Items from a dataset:
···

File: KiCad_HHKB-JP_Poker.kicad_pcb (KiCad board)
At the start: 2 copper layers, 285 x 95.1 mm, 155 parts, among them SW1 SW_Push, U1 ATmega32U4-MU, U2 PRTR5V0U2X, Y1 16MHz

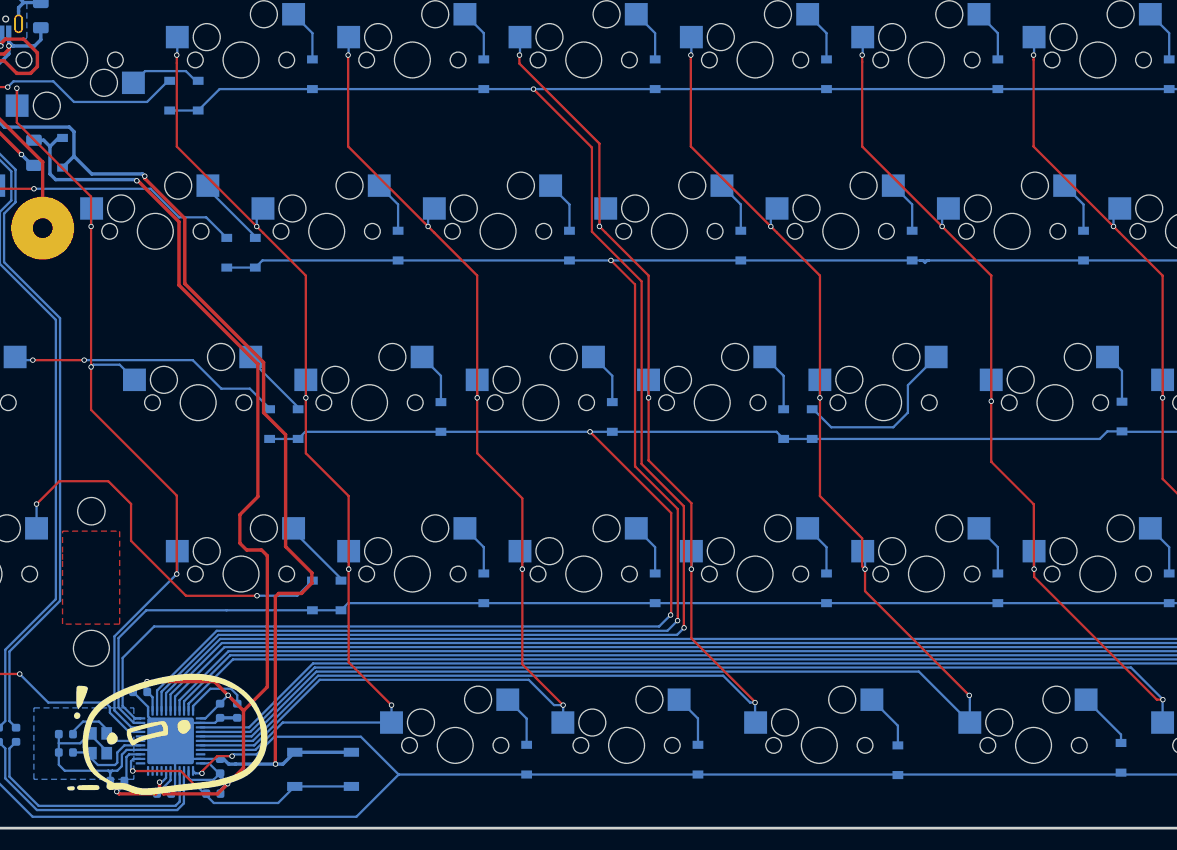
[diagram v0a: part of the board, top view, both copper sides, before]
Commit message: 電源配線を穴を避けて配線しなおした
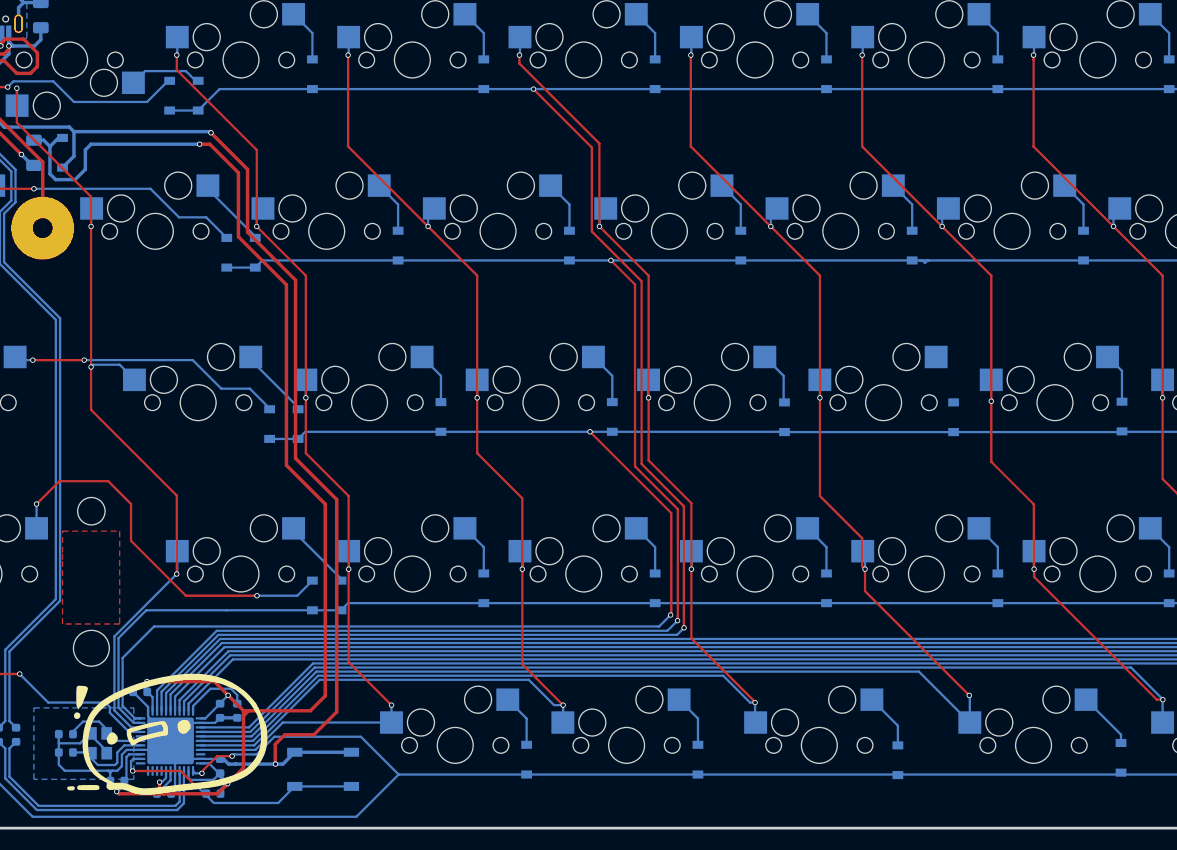
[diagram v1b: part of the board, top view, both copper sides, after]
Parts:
- moved D28 15.7 mm to (251.5, 221.5)
- moved D23 0.77 mm to (232.7, 221.5)
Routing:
- net +5V: track 146.1 -> 166.4 mm
- net Net-(D28-Pad2): track 19.6 -> 0.00 mm
- net GND: track 202.3 -> 213.2 mm
- net ROW2: track 306.3 -> 305.6 mm
- net Net-(D23-Pad2): track 6.68 -> 5.96 mm

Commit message: DRCチェック（未配線を修正）
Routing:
- net Net-(D28-Pad2): track 0.00 -> 5.85 mm
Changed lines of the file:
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@@
   (segment (start 246.85625 197.83425) (end 244.76075 195.73875) (width 0.254) (layer "B.Cu") (net 33))
   (segment (start 246.85625 200.75625) (end 246.85625 197.83425) (width 0.254) (layer "B.Cu") (net 33))
+  (segment (start 251.46 216.7255) (end 251.46 219.838) (width 0.254) (layer "B.Cu") (net 34))
+  (segment (start 249.52325 214.78875) (end 251.46 216.7255) (width 0.254) (layer "B.Cu") (net 34))
   (segment (start 256.38125 238.85625) (end 256.38125 235.93425) (width 0.254) (layer "B.Cu") (net 35))
   (segment (start 256.38125 235.93425) (end 254.28575 233.83875) (width 0.254) (layer "B.Cu") (net 35))

···

• _Exercise description_
For the word "diagram", go through the records and show each line that carries it.

• _Solution to this problem_
[diagram v0a: part of the board, top view, both copper sides, before]
[diagram v1b: part of the board, top view, both copper sides, after]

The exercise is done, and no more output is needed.